In 2022, 39% of Saratoga’s population was White while 0.1% was African American, 55.5% was Asian, and 2.4% was Latinx. People of color in Saratoga comprise a proportion below the overall proportion in the Bay Area as a whole.
Source: ACS 2022 5 year estimates

Rate of population growth, 2010 to 2020: 3.1%
Rate of housing unit addition, 2010 to 2020: 1.6%
Source: California Department of Finance, Table E-5

Over the same period, Saratoga grew more slowly than Santa Clara County, which had a 9.2% population increase, or the nine-county Bay Area region, which had a 8.6% population increase.

The number of new homes built in Saratoga and Santa Clara County has not kept pace with demand, resulting in longer commutes, increasing prices, and exacerbating issues of displacement and homelessness.


Housing Types in Saratoga

It is important to have a variety of housing types to meet the needs of a community today and in the future.

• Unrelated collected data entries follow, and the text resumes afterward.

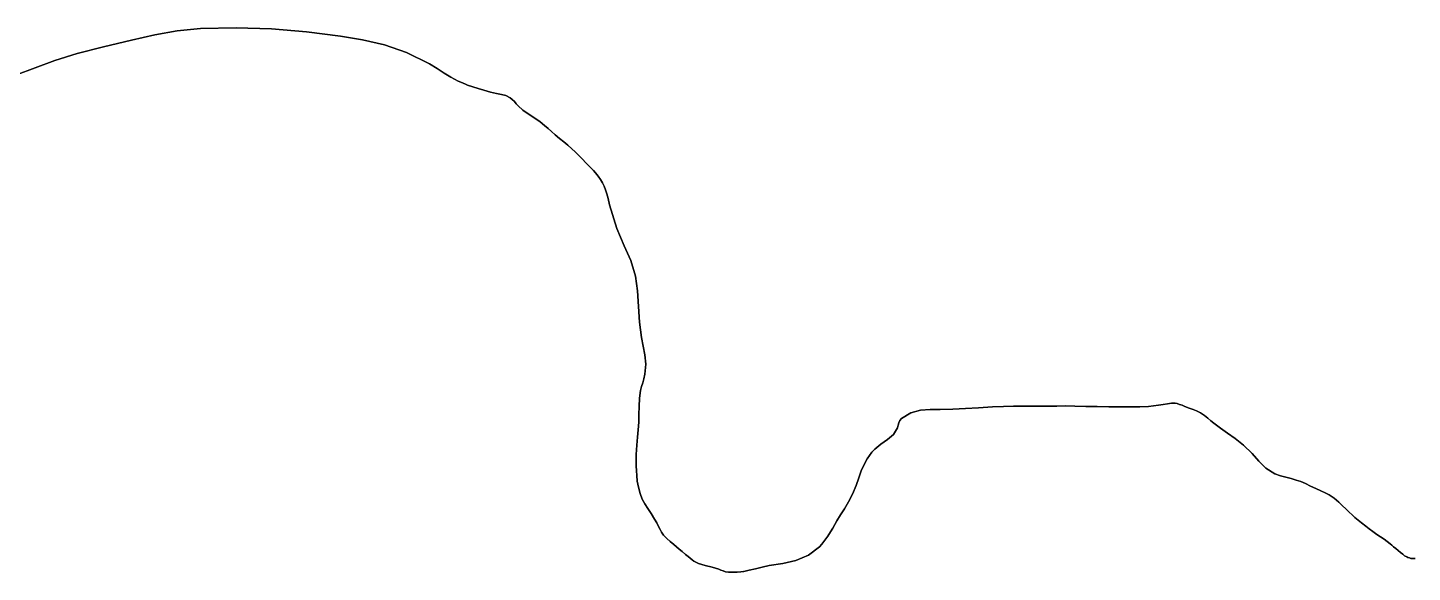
# Model space of a CAD drawing. Header units: inches. Extents: x 11258954 to 11313122, y 3645444 to 3695200.
# Drawn here: x 11267209 to 11267861, y 3673790 to 3674047 of the extents above; entities that cross this region are included whole.
import ezdxf

# ---------------------------------------------------------------- set-up
doc = ezdxf.new("R2010")
doc.units = ezdxf.units.IN
doc.header["$MEASUREMENT"] = 0
doc.layers.add('SchoolZone_Elementary', color=251, linetype='Continuous')
doc.layers.add('SchoolZone_High', color=63, linetype='Continuous')

msp = doc.modelspace()

# ---------------------------------------------------------------- linework, layer by layer
at = {"layer": 'SchoolZone_Elementary'}
for points in [[(11267862, 3673796.75, 0), (11267860.625, 3673796.625, 0), (11267859.969, 3673796.75, 0), (11267859.3125, 3673796.9375, 0), (11267858.6565, 3673797.125, 0), (11267858.0315, 3673797.4375, 0), (11267857.0315, 3673798, 0), (11267856.1565, 3673798.6875, 0), (11267855.1875, 3673799.5, 0), (11267854.0315, 3673800.4375, 0), (11267852.875, 3673801.375, 0), (11267851.9065, 3673802.1875, 0), (11267851.0625, 3673802.9375, 0), (11267850.25, 3673803.625, 0), (11267848.9065, 3673804.6875, 0), (11267847.4065, 3673805.75, 0), (11267845.7815, 3673806.875, 0), (11267844.0315, 3673808.0625, 0), (11267842.125, 3673809.4375, 0), (11267840.4065, 3673810.6875, 0), (11267838.75, 3673811.9375, 0), (11267836.844, 3673813.4375, 0), (11267835.1875, 3673814.75, 0), (11267833.6875, 3673816.0625, 0), (11267832.3125, 3673817.25, 0), (11267831.0315, 3673818.4375, 0), (11267829.469, 3673820, 0), (11267827.875, 3673821.5625, 0), (11267826.0315, 3673823.25, 0), (11267823.844, 3673825.0625, 0), (11267821.625, 3673826.625, 0), (11267819.594, 3673827.6875, 0), (11267817.5625, 3673828.5625, 0), (11267815.25, 3673829.625, 0), (11267812.7815, 3673830.8125, 0), (11267810.469, 3673831.9375, 0), (11267808.25, 3673832.875, 0), (11267806.0315, 3673833.625, 0), (11267803.625, 3673834.3125, 0), (11267801.1565, 3673834.9375, 0), (11267798.625, 3673835.625, 0), (11267796.0315, 3673836.625, 0), (11267791.8125, 3673839.25, 0), (11267788.5, 3673842.5, 0), (11267785.2815, 3673846.1875, 0), (11267781.25, 3673850.0625, 0), (11267777.3125, 3673853.125, 0), (11267773.6875, 3673855.6875, 0), (11267770.375, 3673858.0625, 0), (11267767.25, 3673860.4375, 0), (11267765.875, 3673861.5625, 0), (11267764.469, 3673862.8125, 0), (11267762.875, 3673864, 0), (11267761.0315, 3673865.25, 0), (11267759.1565, 3673866.25, 0), (11267757.469, 3673866.875, 0), (11267755.6875, 3673867.4375, 0), (11267753.625, 3673868.25, 0), (11267753.0625, 3673868.5, 0), (11267752.3125, 3673868.8125, 0), (11267751.1565, 3673869.25, 0), (11267750.0625, 3673869.625, 0), (11267749.0315, 3673869.8125, 0), (11267747.2815, 3673869.8125, 0), (11267745.4375, 3673869.5625, 0), (11267743.4375, 3673869.1875, 0), (11267741.25, 3673868.8125, 0), (11267736.5625, 3673868.25, 0), (11267732.4065, 3673868.0625, 0), (11267728.3125, 3673868.0625, 0), (11267723.844, 3673868.0625, 0), (11267717.9065, 3673868.125, 0), (11267712.3125, 3673868.1875, 0), (11267706.969, 3673868.3125, 0), (11267701.844, 3673868.4375, 0), (11267697.6565, 3673868.5, 0), (11267693.3125, 3673868.4375, 0), (11267688.6565, 3673868.4375, 0), (11267683.4375, 3673868.4375, 0), (11267677.8125, 3673868.4375, 0), (11267672.9375, 3673868.375, 0), (11267668.219, 3673868.25, 0), (11267663.0315, 3673868.0625, 0), (11267656.5, 3673867.6875, 0), (11267650.375, 3673867.25, 0), (11267644.4065, 3673866.9375, 0), (11267638.4375, 3673866.8125, 0), (11267633.8125, 3673866.875, 0), (11267629.1875, 3673866.5625, 0), (11267624.625, 3673865.3125, 0), (11267620.25, 3673862.625, 0), (11267619.4375, 3673861.625, 0), (11267619, 3673860.5625, 0), (11267618.75, 3673859.4375, 0), (11267618.4375, 3673858.25, 0), (11267616.5315, 3673855.125, 0), (11267613.6875, 3673852.6875, 0), (11267610.5315, 3673850.5, 0), (11267607.625, 3673848.25, 0), (11267606.3125, 3673846.8125, 0), (11267605.1875, 3673845.25, 0), (11267604.125, 3673843.5625, 0), (11267603.0315, 3673841.625, 0), (11267601.3125, 3673838, 0), (11267600.125, 3673834.625, 0), (11267598.9375, 3673831.125, 0), (11267597.25, 3673827.0625, 0), (11267595.3125, 3673823.3125, 0), (11267593.4065, 3673820.125, 0), (11267591.594, 3673817.25, 0), (11267589.844, 3673814.4375, 0), (11267588.875, 3673812.75, 0), (11267587.875, 3673811, 0), (11267586.8125, 3673809.1875, 0), (11267585.625, 3673807.25, 0), (11267584.6875, 3673805.875, 0), (11267583.75, 3673804.625, 0), (11267582.75, 3673803.4375, 0), (11267581.625, 3673802.25, 0), (11267576.4065, 3673798.25, 0), (11267570.594, 3673795.8125, 0), (11267564.4065, 3673794.375, 0), (11267558.0315, 3673793.4375, 0), (11267554.6875, 3673792.5625, 0), (11267551.5, 3673791.8125, 0), (11267548.5625, 3673791.125, 0), (11267546.0315, 3673790.625, 0), (11267545.84, 3673790.592, 0), (11267544.594, 3673790.375, 0), (11267542.9375, 3673790.25, 0), (11267541.0315, 3673790.1875, 0), (11267538.844, 3673790.25, 0), (11267537.469, 3673790.4375, 0), (11267536.3125, 3673790.8125, 0), (11267535.2815, 3673791.1875, 0), (11267534.25, 3673791.625, 0), (11267531.1875, 3673792.5625, 0), (11267527.875, 3673793.4375, 0), (11267524.7815, 3673794.3125, 0), (11267522.4375, 3673795.4375, 0), (11267521.6565, 3673796.0625, 0), (11267520.7815, 3673796.8125, 0), (11267519.7815, 3673797.625, 0), (11267518.625, 3673798.625, 0), (11267517.0315, 3673799.9375, 0), (11267515.625, 3673801.125, 0), (11267514.344, 3673802.125, 0), (11267513.0315, 3673803.25, 0), (11267511.4065, 3673804.625, 0), (11267509.75, 3673806.125, 0), (11267508.2815, 3673807.625, 0), (11267507.25, 3673809.0625, 0), (11267506.594, 3673810.3125, 0), (11267505.844, 3673811.75, 0), (11267505.0315, 3673813.4375, 0), (11267504.0315, 3673815.25, 0), (11267502.375, 3673817.9375, 0), (11267500.8125, 3673820.25, 0), (11267499.4375, 3673822.375, 0), (11267498.25, 3673824.625, 0), (11267497.219, 3673827.3125, 0), (11267496.4375, 3673830.25, 0), (11267495.9065, 3673833.125, 0), (11267495.625, 3673835.8125, 0), (11267495.5, 3673837.9375, 0), (11267495.4375, 3673840.25, 0), (11267495.4065, 3673842.75, 0), (11267495.4375, 3673845.625, 0), (11267495.6565, 3673850, 0), (11267496, 3673853.8125, 0), (11267496.375, 3673857.3125, 0), (11267496.625, 3673860.8125, 0), (11267496.6875, 3673864.5, 0), (11267496.719, 3673868.3125, 0), (11267496.9065, 3673872.125, 0), (11267497.4375, 3673875.8125, 0), (11267497.9065, 3673877.625, 0), (11267498.4375, 3673879.4375, 0), (11267498.969, 3673881.3125, 0), (11267499.4375, 3673883.4375, 0), (11267499.844, 3673888.1875, 0), (11267499.469, 3673892.5625, 0), (11267498.6875, 3673896.6875, 0), (11267497.844, 3673900.8125, 0), (11267496.969, 3673908, 0), (11267496.5, 3673915.375, 0), (11267496.0315, 3673922.6875, 0), (11267495.0315, 3673929.625, 0), (11267492.7815, 3673937.0625, 0), (11267489.719, 3673943.9375, 0), (11267486.25, 3673952.125, 0), (11267482.844, 3673963.25, 0), (11267482.125, 3673966.1875, 0), (11267481.5625, 3673968.4375, 0), (11267481, 3673970.3125, 0), (11267480.25, 3673972.0625, 0), (11267479.469, 3673973.5625, 0), (11267478.5, 3673975.125, 0), (11267477.4375, 3673976.6875, 0), (11267476.25, 3673978.25, 0), (11267475.219, 3673979.4375, 0), (11267474.219, 3673980.5, 0), (11267473.094, 3673981.5625, 0), (11267471.844, 3673982.8125, 0), (11267469.9065, 3673984.8125, 0), (11267468.219, 3673986.5625, 0), (11267466.625, 3673988.125, 0), (11267465.0315, 3673989.625, 0), (11267463.219, 3673991.25, 0), (11267461.2815, 3673992.875, 0), (11267459.2815, 3673994.5, 0), (11267457.25, 3673996.25, 0), (11267455.5625, 3673997.75, 0), (11267453.969, 3673999.1875, 0), (11267452.2815, 3674000.625, 0), (11267450.25, 3674002.25, 0), (11267447.25, 3674004.375, 0), (11267444.5625, 3674006.125, 0), (11267442.094, 3674007.8125, 0), (11267439.844, 3674009.8125, 0), (11267438.9375, 3674010.8125, 0), (11267438.0315, 3674011.8125, 0), (11267437.0625, 3674012.75, 0), (11267436.0315, 3674013.625, 0), (11267434.0625, 3674014.6875, 0), (11267431.969, 3674015.1875, 0), (11267429.594, 3674015.625, 0), (11267426.844, 3674016.25, 0), (11267423.625, 3674017.1875, 0), (11267420.9375, 3674018, 0), (11267418.469, 3674018.75, 0), (11267416.0315, 3674019.625, 0), (11267414.969, 3674020, 0), (11267413.875, 3674020.4375, 0), (11267412.7815, 3674020.9375, 0), (11267411.6565, 3674021.4375, 0), (11267408.1565, 3674023.25, 0), (11267404.969, 3674025.25, 0), (11267401.6875, 3674027.375, 0), (11267398.0315, 3674029.625, 0), (11267387.2815, 3674034.9375, 0), (11267376.875, 3674038.5, 0), (11267366.594, 3674040.9375, 0), (11267356.25, 3674042.625, 0), (11267340.219, 3674044.6875, 0), (11267323.7815, 3674046.0625, 0), (11267307.0625, 3674046.625, 0), (11267290.25, 3674046.25, 0), (11267279.25, 3674045.1875, 0), (11267268.875, 3674043.3125, 0), (11267257.8125, 3674040.75, 0), (11267244.6565, 3674037.625, 0), (11267232.219, 3674034.4375, 0), (11267221.7815, 3674031.125, 0), (11267212.4375, 3674027.6875, 0), (11267203.25, 3674024.25, 0)], [(11267203.25, 3674024.25, 0), (11267212.4375, 3674027.6875, 0), (11267221.7815, 3674031.125, 0), (11267232.219, 3674034.4375, 0), (11267244.6565, 3674037.625, 0), (11267257.8125, 3674040.75, 0), (11267268.875, 3674043.3125, 0), (11267279.25, 3674045.1875, 0), (11267290.25, 3674046.25, 0), (11267307.0625, 3674046.625, 0), (11267323.7815, 3674046.0625, 0), (11267340.219, 3674044.6875, 0), (11267356.25, 3674042.625, 0), (11267366.594, 3674040.9375, 0), (11267376.875, 3674038.5, 0), (11267387.2815, 3674034.9375, 0), (11267398.0315, 3674029.625, 0), (11267401.6875, 3674027.375, 0), (11267404.969, 3674025.25, 0), (11267408.1565, 3674023.25, 0), (11267411.6565, 3674021.4375, 0), (11267412.7815, 3674020.9375, 0), (11267413.875, 3674020.4375, 0), (11267414.969, 3674020, 0), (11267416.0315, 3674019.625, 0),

In 2022, 83.5% of homes in Saratoga were single family detached (generally the most expensive type of home), 7.2% were single family attached, 3.6% were small multifamily (2-4 units), and 5.7% were medium or large multifamily (5+ units). Between 2010 and 2020, the number of single-family units increased more than multi-family units. In Saratoga, the share of the housing stock that is detached single family homes is higher than the average of other jurisdictions in the region.
Source: California Department of Finance, 2023 Table E-5

Jobs & Housing in Saratoga

Jobs: 5,966
Employed Residents per Household:  1.3
Jobs per Employed Resident: 0.42
Jobs-Housing Balance Ratio: 0.55
Source: ACS 2022 5 year estimates

Note: Jobs-Housing Balance is a measurement used by planners that assumes that a balanced community is one where people can both live and work. This ratio compares the number of jobs in a community to the number of housing units.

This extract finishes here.